▼▼▼

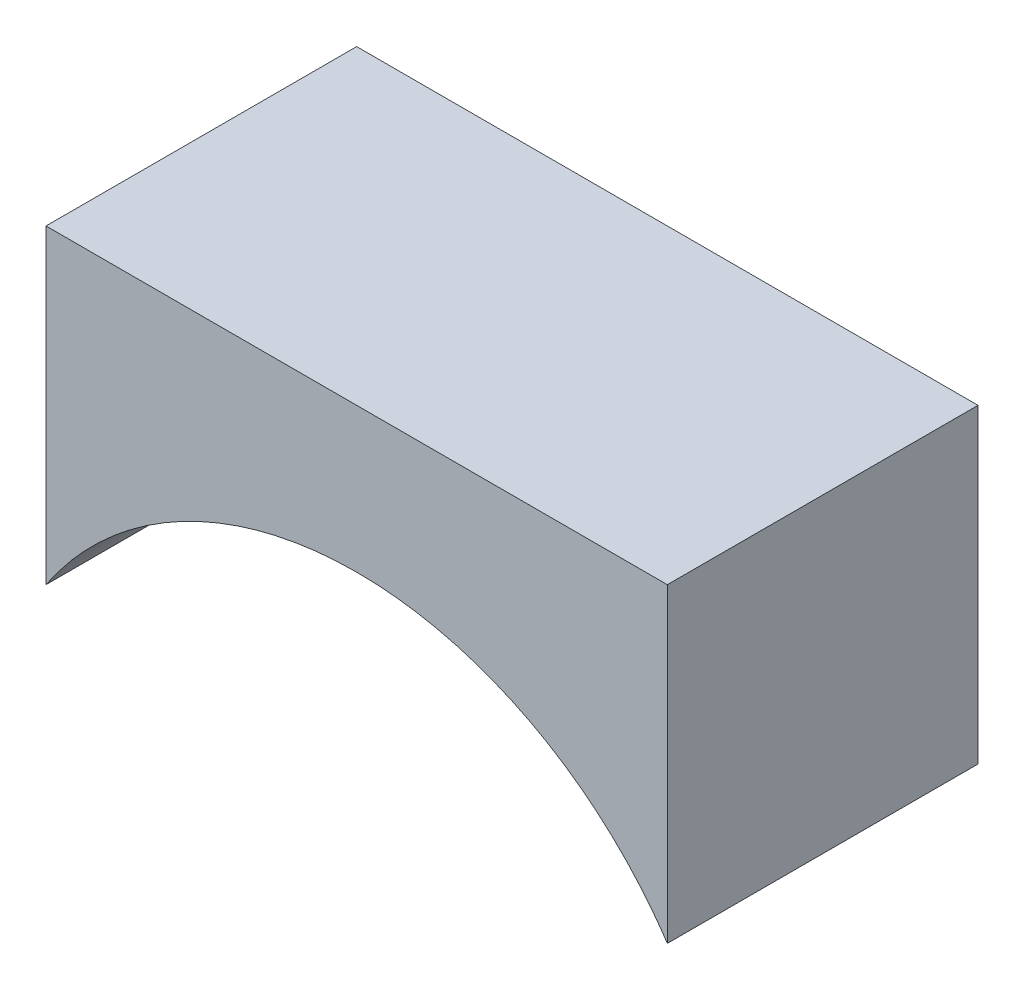
ISO-10303-21;
HEADER;
FILE_DESCRIPTION(('STEP AP214'),'2;1');
FILE_NAME('part.step','',(''),(''),'','','');
FILE_SCHEMA(('AUTOMOTIVE_DESIGN { 1 0 10303 214 1 1 1 1 }'));
ENDSEC;
DATA;
#1=APPLICATION_CONTEXT('core data for automotive mechanical design processes');
#2=APPLICATION_PROTOCOL_DEFINITION('international standard','automotive_design',2000,#1);
#3=PRODUCT_CONTEXT('',#1,'mechanical');
#4=PRODUCT('Part','Part','',(#3));
#5=PRODUCT_RELATED_PRODUCT_CATEGORY('part','',(#4));
#6=PRODUCT_DEFINITION_FORMATION('','',#4);
#7=PRODUCT_DEFINITION_CONTEXT('part definition',#1,'design');
#8=PRODUCT_DEFINITION('design','',#6,#7);
#9=PRODUCT_DEFINITION_SHAPE('','',#8);
#10=(LENGTH_UNIT() NAMED_UNIT(*) SI_UNIT(.MILLI.,.METRE.));
#11=(NAMED_UNIT(*) PLANE_ANGLE_UNIT() SI_UNIT($,.RADIAN.));
#12=(NAMED_UNIT(*) SI_UNIT($,.STERADIAN.) SOLID_ANGLE_UNIT());
#13=UNCERTAINTY_MEASURE_WITH_UNIT(LENGTH_MEASURE(1.E-05),#10,'distance_accuracy_value','');
#14=(GEOMETRIC_REPRESENTATION_CONTEXT(3) GLOBAL_UNCERTAINTY_ASSIGNED_CONTEXT((#13)) GLOBAL_UNIT_ASSIGNED_CONTEXT((#10,
#11,#12)) REPRESENTATION_CONTEXT('',''));
#15=CARTESIAN_POINT('',(0.,0.,0.));
#16=DIRECTION('',(0.,0.,1.));
#17=DIRECTION('',(1.,0.,0.));
#18=AXIS2_PLACEMENT_3D('',#15,#16,#17);
#19=CARTESIAN_POINT('',(1524.5052428421,-601.887687800648,-150.));
#20=CARTESIAN_POINT('',(1512.82219181726,-600.21053433742,-150.));
#21=CARTESIAN_POINT('',(1489.78646016404,-594.554867229104,-150.));
#22=CARTESIAN_POINT('',(1457.55184924692,-579.493302193902,-150.));
#23=CARTESIAN_POINT('',(1428.87498291266,-558.432480283654,-150.));
#24=CARTESIAN_POINT('',(1404.85789705233,-532.181757073325,-150.));
#25=CARTESIAN_POINT('',(1386.42355480659,-501.749933134312,-150.));
#26=CARTESIAN_POINT('',(1374.28037760986,-468.30648639423,-150.));
#27=CARTESIAN_POINT('',(1368.89502095182,-433.136629755997,-150.));
#28=CARTESIAN_POINT('',(1370.47444106871,-397.591921086738,-150.));
#29=CARTESIAN_POINT('',(1378.95794173119,-363.038323606911,-150.));
#30=CARTESIAN_POINT('',(1394.01950676639,-330.803712689784,-150.));
#31=CARTESIAN_POINT('',(1415.08032867664,-302.126846355526,-150.));
#32=CARTESIAN_POINT('',(1441.33105188696,-278.109760495188,-150.));
#33=CARTESIAN_POINT('',(1471.76287582597,-259.675418249449,-150.));
#34=CARTESIAN_POINT('',(1505.20632256605,-247.532241052711,-150.));
#35=CARTESIAN_POINT('',(1540.37617920428,-242.146884394676,-150.));
#36=CARTESIAN_POINT('',(1575.92088787354,-243.726304511566,-150.));
#37=CARTESIAN_POINT('',(1610.47448535336,-252.209805174041,-150.));
#38=CARTESIAN_POINT('',(1642.70909627048,-267.271370209242,-150.));
#39=CARTESIAN_POINT('',(1671.38596260474,-288.33219211949,-150.));
#40=CARTESIAN_POINT('',(1695.40304846507,-314.58291532982,-150.));
#41=CARTESIAN_POINT('',(1713.83739071081,-345.014739268832,-150.));
#42=CARTESIAN_POINT('',(1725.98056790754,-378.458186008915,-150.));
#43=CARTESIAN_POINT('',(1731.36592456558,-413.628042647148,-150.));
#44=CARTESIAN_POINT('',(1729.78650444869,-449.172751316407,-150.));
#45=CARTESIAN_POINT('',(1721.30300378621,-483.726348796234,-150.));
#46=CARTESIAN_POINT('',(1706.24143875101,-515.96095971336,-150.));
#47=CARTESIAN_POINT('',(1685.18061684077,-544.637826047619,-150.));
#48=CARTESIAN_POINT('',(1658.92989363044,-568.654911907956,-150.));
#49=CARTESIAN_POINT('',(1628.49806969143,-587.089254153696,-150.));
#50=CARTESIAN_POINT('',(1595.05462295135,-599.232431350433,-150.));
#51=CARTESIAN_POINT('',(1559.88476631312,-604.617788008469,-150.));
#52=CARTESIAN_POINT('',(1536.18829386695,-603.564841263875,-150.));
#53=CARTESIAN_POINT('',(1524.5052428421,-601.887687800648,-150.));
#54=B_SPLINE_CURVE_WITH_KNOTS('',3,(#19,#20,#21,#22,#23,#24,#25,#26,#27,#28,#29,#30,#31,#32,#33,
#34,#35,#36,#37,#38,#39,#40,#41,#42,#43,#44,#45,#46,#47,#48,#49,#50,#51,#52,#53),.UNSPECIFIED.,
.T.,.F.,(4,1,1,1,1,1,1,1,1,1,1,1,1,1,1,1,1,1,1,1,1,1,1,1,1,1,1,1,1,1,1,1,4),(0.,
0.196349540849362,0.392699081698725,0.589048622548086,0.785398163397448,0.981747704246811,
1.17809724509617,1.37444678594553,1.5707963267949,1.76714586764426,1.96349540849362,
2.15984494934298,2.35619449019234,2.55254403104171,2.74889357189107,2.94524311274043,
3.14159265358979,3.33794219443916,3.53429173528852,3.73064127613788,3.92699081698724,
4.1233403578366,4.31968989868597,4.51603943953533,4.71238898038469,4.90873852123405,
5.10508806208341,5.30143760293278,5.49778714378214,5.6941366846315,5.89048622548086,
6.08683576633022,6.28318530717959),.UNSPECIFIED.);
#55=DIRECTION('',(0.,0.,1.));
#56=VECTOR('',#55,1.);
#57=SURFACE_OF_LINEAR_EXTRUSION('',#54,#56);
#58=CARTESIAN_POINT('',(1524.5052428421,-601.887687800648,0.));
#59=CARTESIAN_POINT('',(1512.82219181726,-600.21053433742,0.));
#60=CARTESIAN_POINT('',(1489.78646016404,-594.554867229104,0.));
#61=CARTESIAN_POINT('',(1457.55184924692,-579.493302193902,0.));
#62=CARTESIAN_POINT('',(1428.87498291266,-558.432480283654,0.));
#63=CARTESIAN_POINT('',(1404.85789705233,-532.181757073325,0.));
#64=CARTESIAN_POINT('',(1386.42355480659,-501.749933134312,0.));
#65=CARTESIAN_POINT('',(1374.28037760986,-468.30648639423,0.));
#66=CARTESIAN_POINT('',(1368.89502095182,-433.136629755997,0.));
#67=CARTESIAN_POINT('',(1370.47444106871,-397.591921086738,0.));
#68=CARTESIAN_POINT('',(1378.95794173119,-363.038323606911,0.));
#69=CARTESIAN_POINT('',(1394.01950676639,-330.803712689784,0.));
#70=CARTESIAN_POINT('',(1415.08032867664,-302.126846355526,0.));
#71=CARTESIAN_POINT('',(1441.33105188696,-278.109760495188,0.));
#72=CARTESIAN_POINT('',(1471.76287582597,-259.675418249449,0.));
#73=CARTESIAN_POINT('',(1505.20632256605,-247.532241052711,0.));
#74=CARTESIAN_POINT('',(1540.37617920428,-242.146884394676,0.));
#75=CARTESIAN_POINT('',(1575.92088787354,-243.726304511566,0.));
#76=CARTESIAN_POINT('',(1610.47448535336,-252.209805174041,0.));
#77=CARTESIAN_POINT('',(1642.70909627048,-267.271370209242,0.));
#78=CARTESIAN_POINT('',(1671.38596260474,-288.33219211949,0.));
#79=CARTESIAN_POINT('',(1695.40304846507,-314.58291532982,0.));
#80=CARTESIAN_POINT('',(1713.83739071081,-345.014739268832,0.));
#81=CARTESIAN_POINT('',(1725.98056790754,-378.458186008915,0.));
#82=CARTESIAN_POINT('',(1731.36592456558,-413.628042647148,0.));
#83=CARTESIAN_POINT('',(1729.78650444869,-449.172751316407,0.));
#84=CARTESIAN_POINT('',(1721.30300378621,-483.726348796234,0.));
#85=CARTESIAN_POINT('',(1706.24143875101,-515.96095971336,0.));
#86=CARTESIAN_POINT('',(1685.18061684077,-544.637826047619,0.));
#87=CARTESIAN_POINT('',(1658.92989363044,-568.654911907956,0.));
#88=CARTESIAN_POINT('',(1628.49806969143,-587.089254153696,0.));
#89=CARTESIAN_POINT('',(1595.05462295135,-599.232431350433,0.));
#90=CARTESIAN_POINT('',(1559.88476631312,-604.617788008469,0.));
#91=CARTESIAN_POINT('',(1536.18829386695,-603.564841263875,0.));
#92=CARTESIAN_POINT('',(1524.5052428421,-601.887687800648,0.));
#93=B_SPLINE_CURVE_WITH_KNOTS('',3,(#58,#59,#60,#61,#62,#63,#64,#65,#66,#67,#68,#69,#70,#71,#72,
#73,#74,#75,#76,#77,#78,#79,#80,#81,#82,#83,#84,#85,#86,#87,#88,#89,#90,#91,#92),.UNSPECIFIED.,
.T.,.F.,(4,1,1,1,1,1,1,1,1,1,1,1,1,1,1,1,1,1,1,1,1,1,1,1,1,1,1,1,1,1,1,1,4),(0.,
0.196349540849362,0.392699081698725,0.589048622548086,0.785398163397448,0.981747704246811,
1.17809724509617,1.37444678594553,1.5707963267949,1.76714586764426,1.96349540849362,
2.15984494934298,2.35619449019234,2.55254403104171,2.74889357189107,2.94524311274043,
3.14159265358979,3.33794219443916,3.53429173528852,3.73064127613788,3.92699081698724,
4.1233403578366,4.31968989868597,4.51603943953533,4.71238898038469,4.90873852123405,
5.10508806208341,5.30143760293278,5.49778714378214,5.6941366846315,5.89048622548086,
6.08683576633022,6.28318530717959),.UNSPECIFIED.);
#94=CARTESIAN_POINT('',(1400.13046567733,-323.279128227412,0.));
#95=VERTEX_POINT('',#94);
#96=CARTESIAN_POINT('',(1700.13046567733,-323.279128227412,0.));
#97=VERTEX_POINT('',#96);
#98=EDGE_CURVE('E106',#95,#97,#93,.T.);
#99=ORIENTED_EDGE('',*,*,#98,.F.);
#100=DIRECTION('',(0.,0.,1.));
#101=VECTOR('',#100,1.);
#102=CARTESIAN_POINT('',(1400.13046567733,-323.279128227412,-150.));
#103=LINE('',#102,#101);
#104=CARTESIAN_POINT('',(1400.13046567733,-323.279128227412,-150.));
#105=VERTEX_POINT('',#104);
#106=EDGE_CURVE('E11',#105,#95,#103,.T.);
#107=ORIENTED_EDGE('',*,*,#106,.F.);
#108=CARTESIAN_POINT('',(1700.13046567733,-323.279128227412,-150.));
#109=VERTEX_POINT('',#108);
#110=EDGE_CURVE('E98',#105,#109,#54,.T.);
#111=ORIENTED_EDGE('',*,*,#110,.T.);
#112=DIRECTION('',(0.,0.,1.));
#113=VECTOR('',#112,1.);
#114=CARTESIAN_POINT('',(1700.13046567733,-323.279128227412,-150.));
#115=LINE('',#114,#113);
#116=EDGE_CURVE('E43',#109,#97,#115,.T.);
#117=ORIENTED_EDGE('',*,*,#116,.T.);
#118=EDGE_LOOP('',(#99,#107,#111,#117));
#119=FACE_BOUND('',#118,.T.);
#120=ADVANCED_FACE('F39',(#119),#57,.T.);
#121=CARTESIAN_POINT('',(1400.13046567733,-323.279128227412,-150.));
#122=DIRECTION('',(-1.,0.,0.));
#123=DIRECTION('',(0.,-1.,0.));
#124=AXIS2_PLACEMENT_3D('',#121,#122,#123);
#125=PLANE('',#124);
#126=DIRECTION('',(0.,-1.,0.));
#127=VECTOR('',#126,1.);
#128=CARTESIAN_POINT('',(1400.13046567733,-323.279128227412,0.));
#129=LINE('',#128,#127);
#130=CARTESIAN_POINT('',(1400.13046567733,-173.279128227412,0.));
#131=VERTEX_POINT('',#130);
#132=EDGE_CURVE('E100',#131,#95,#129,.T.);
#133=ORIENTED_EDGE('',*,*,#132,.F.);
#134=DIRECTION('',(0.,0.,1.));
#135=VECTOR('',#134,1.);
#136=CARTESIAN_POINT('',(1400.13046567733,-173.279128227412,-150.));
#137=LINE('',#136,#135);
#138=CARTESIAN_POINT('',(1400.13046567733,-173.279128227412,-150.));
#139=VERTEX_POINT('',#138);
#140=EDGE_CURVE('E49',#139,#131,#137,.T.);
#141=ORIENTED_EDGE('',*,*,#140,.F.);
#142=DIRECTION('',(0.,-1.,0.));
#143=VECTOR('',#142,1.);
#144=CARTESIAN_POINT('',(1400.13046567733,-323.279128227412,-150.));
#145=LINE('',#144,#143);
#146=EDGE_CURVE('E95',#139,#105,#145,.T.);
#147=ORIENTED_EDGE('',*,*,#146,.T.);
#148=ORIENTED_EDGE('',*,*,#106,.T.);
#149=EDGE_LOOP('',(#133,#141,#147,#148));
#150=FACE_BOUND('',#149,.T.);
#151=ADVANCED_FACE('F121',(#150),#125,.T.);
#152=CARTESIAN_POINT('',(1400.13046567733,-173.279128227412,-150.));
#153=DIRECTION('',(0.,1.,0.));
#154=DIRECTION('',(0.,0.,1.));
#155=AXIS2_PLACEMENT_3D('',#152,#153,#154);
#156=PLANE('',#155);
#157=DIRECTION('',(-1.,0.,0.));
#158=VECTOR('',#157,1.);
#159=CARTESIAN_POINT('',(1400.13046567733,-173.279128227412,0.));
#160=LINE('',#159,#158);
#161=CARTESIAN_POINT('',(1700.13046567733,-173.279128227412,0.));
#162=VERTEX_POINT('',#161);
#163=EDGE_CURVE('E90',#162,#131,#160,.T.);
#164=ORIENTED_EDGE('',*,*,#163,.F.);
#165=DIRECTION('',(0.,0.,1.));
#166=VECTOR('',#165,1.);
#167=CARTESIAN_POINT('',(1700.13046567733,-173.279128227412,-150.));
#168=LINE('',#167,#166);
#169=CARTESIAN_POINT('',(1700.13046567733,-173.279128227412,-150.));
#170=VERTEX_POINT('',#169);
#171=EDGE_CURVE('E85',#170,#162,#168,.T.);
#172=ORIENTED_EDGE('',*,*,#171,.F.);
#173=DIRECTION('',(-1.,0.,0.));
#174=VECTOR('',#173,1.);
#175=CARTESIAN_POINT('',(1400.13046567733,-173.279128227412,-150.));
#176=LINE('',#175,#174);
#177=EDGE_CURVE('E88',#170,#139,#176,.T.);
#178=ORIENTED_EDGE('',*,*,#177,.T.);
#179=ORIENTED_EDGE('',*,*,#140,.T.);
#180=EDGE_LOOP('',(#164,#172,#178,#179));
#181=FACE_BOUND('',#180,.T.);
#182=ADVANCED_FACE('F87',(#181),#156,.T.);
#183=CARTESIAN_POINT('',(1700.13046567733,-323.279128227412,-150.));
#184=DIRECTION('',(1.,0.,0.));
#185=DIRECTION('',(0.,0.,-1.));
#186=AXIS2_PLACEMENT_3D('',#183,#184,#185);
#187=PLANE('',#186);
#188=DIRECTION('',(0.,1.,0.));
#189=VECTOR('',#188,1.);
#190=CARTESIAN_POINT('',(1700.13046567733,-323.279128227412,0.));
#191=LINE('',#190,#189);
#192=EDGE_CURVE('E111',#97,#162,#191,.T.);
#193=ORIENTED_EDGE('',*,*,#192,.F.);
#194=ORIENTED_EDGE('',*,*,#116,.F.);
#195=DIRECTION('',(0.,1.,0.));
#196=VECTOR('',#195,1.);
#197=CARTESIAN_POINT('',(1700.13046567733,-323.279128227412,-150.));
#198=LINE('',#197,#196);
#199=EDGE_CURVE('E94',#109,#170,#198,.T.);
#200=ORIENTED_EDGE('',*,*,#199,.T.);
#201=ORIENTED_EDGE('',*,*,#171,.T.);
#202=EDGE_LOOP('',(#193,#194,#200,#201));
#203=FACE_BOUND('',#202,.T.);
#204=ADVANCED_FACE('F97',(#203),#187,.T.);
#205=CARTESIAN_POINT('',(1575.7557026753,-244.876984602497,-150.));
#206=DIRECTION('',(0.,0.,-1.));
#207=DIRECTION('',(-1.,0.,0.));
#208=AXIS2_PLACEMENT_3D('',#205,#206,#207);
#209=PLANE('',#208);
#210=ORIENTED_EDGE('',*,*,#110,.F.);
#211=ORIENTED_EDGE('',*,*,#146,.F.);
#212=ORIENTED_EDGE('',*,*,#177,.F.);
#213=ORIENTED_EDGE('',*,*,#199,.F.);
#214=EDGE_LOOP('',(#210,#211,#212,#213));
#215=FACE_BOUND('',#214,.T.);
#216=ADVANCED_FACE('F93',(#215),#209,.T.);
#217=CARTESIAN_POINT('',(1575.7557026753,-244.876984602497,0.));
#218=DIRECTION('',(0.,0.,-1.));
#219=DIRECTION('',(-1.,0.,0.));
#220=AXIS2_PLACEMENT_3D('',#217,#218,#219);
#221=PLANE('',#220);
#222=ORIENTED_EDGE('',*,*,#98,.T.);
#223=ORIENTED_EDGE('',*,*,#192,.T.);
#224=ORIENTED_EDGE('',*,*,#163,.T.);
#225=ORIENTED_EDGE('',*,*,#132,.T.);
#226=EDGE_LOOP('',(#222,#223,#224,#225));
#227=FACE_BOUND('',#226,.T.);
#228=ADVANCED_FACE('F120',(#227),#221,.F.);
#229=CLOSED_SHELL('',(#120,#151,#182,#204,#216,#228));
#230=MANIFOLD_SOLID_BREP('B2',#229);
#231=ADVANCED_BREP_SHAPE_REPRESENTATION('',(#18,#230),#14);
#232=SHAPE_DEFINITION_REPRESENTATION(#9,#231);
ENDSEC;
END-ISO-10303-21;

▲▲▲

- TASK DIRECTIONS -
Copy the lines above exactly, beginning at the line that has "#57=SURFACE_OF_LINEAR_EXTRUSION('',#54,#56);" and stopping after the line that has "#81=CARTESIAN_POINT('',(1725.98056790754,-378.458186008915,0.));", and omit the rest.

- EXERCISE ANSWER -
#57=SURFACE_OF_LINEAR_EXTRUSION('',#54,#56);
#58=CARTESIAN_POINT('',(1524.5052428421,-601.887687800648,0.));
#59=CARTESIAN_POINT('',(1512.82219181726,-600.21053433742,0.));
#60=CARTESIAN_POINT('',(1489.78646016404,-594.554867229104,0.));
#61=CARTESIAN_POINT('',(1457.55184924692,-579.493302193902,0.));
#62=CARTESIAN_POINT('',(1428.87498291266,-558.432480283654,0.));
#63=CARTESIAN_POINT('',(1404.85789705233,-532.181757073325,0.));
#64=CARTESIAN_POINT('',(1386.42355480659,-501.749933134312,0.));
#65=CARTESIAN_POINT('',(1374.28037760986,-468.30648639423,0.));
#66=CARTESIAN_POINT('',(1368.89502095182,-433.136629755997,0.));
#67=CARTESIAN_POINT('',(1370.47444106871,-397.591921086738,0.));
#68=CARTESIAN_POINT('',(1378.95794173119,-363.038323606911,0.));
#69=CARTESIAN_POINT('',(1394.01950676639,-330.803712689784,0.));
#70=CARTESIAN_POINT('',(1415.08032867664,-302.126846355526,0.));
#71=CARTESIAN_POINT('',(1441.33105188696,-278.109760495188,0.));
#72=CARTESIAN_POINT('',(1471.76287582597,-259.675418249449,0.));
#73=CARTESIAN_POINT('',(1505.20632256605,-247.532241052711,0.));
#74=CARTESIAN_POINT('',(1540.37617920428,-242.146884394676,0.));
#75=CARTESIAN_POINT('',(1575.92088787354,-243.726304511566,0.));
#76=CARTESIAN_POINT('',(1610.47448535336,-252.209805174041,0.));
#77=CARTESIAN_POINT('',(1642.70909627048,-267.271370209242,0.));
#78=CARTESIAN_POINT('',(1671.38596260474,-288.33219211949,0.));
#79=CARTESIAN_POINT('',(1695.40304846507,-314.58291532982,0.));
#80=CARTESIAN_POINT('',(1713.83739071081,-345.014739268832,0.));
#81=CARTESIAN_POINT('',(1725.98056790754,-378.458186008915,0.));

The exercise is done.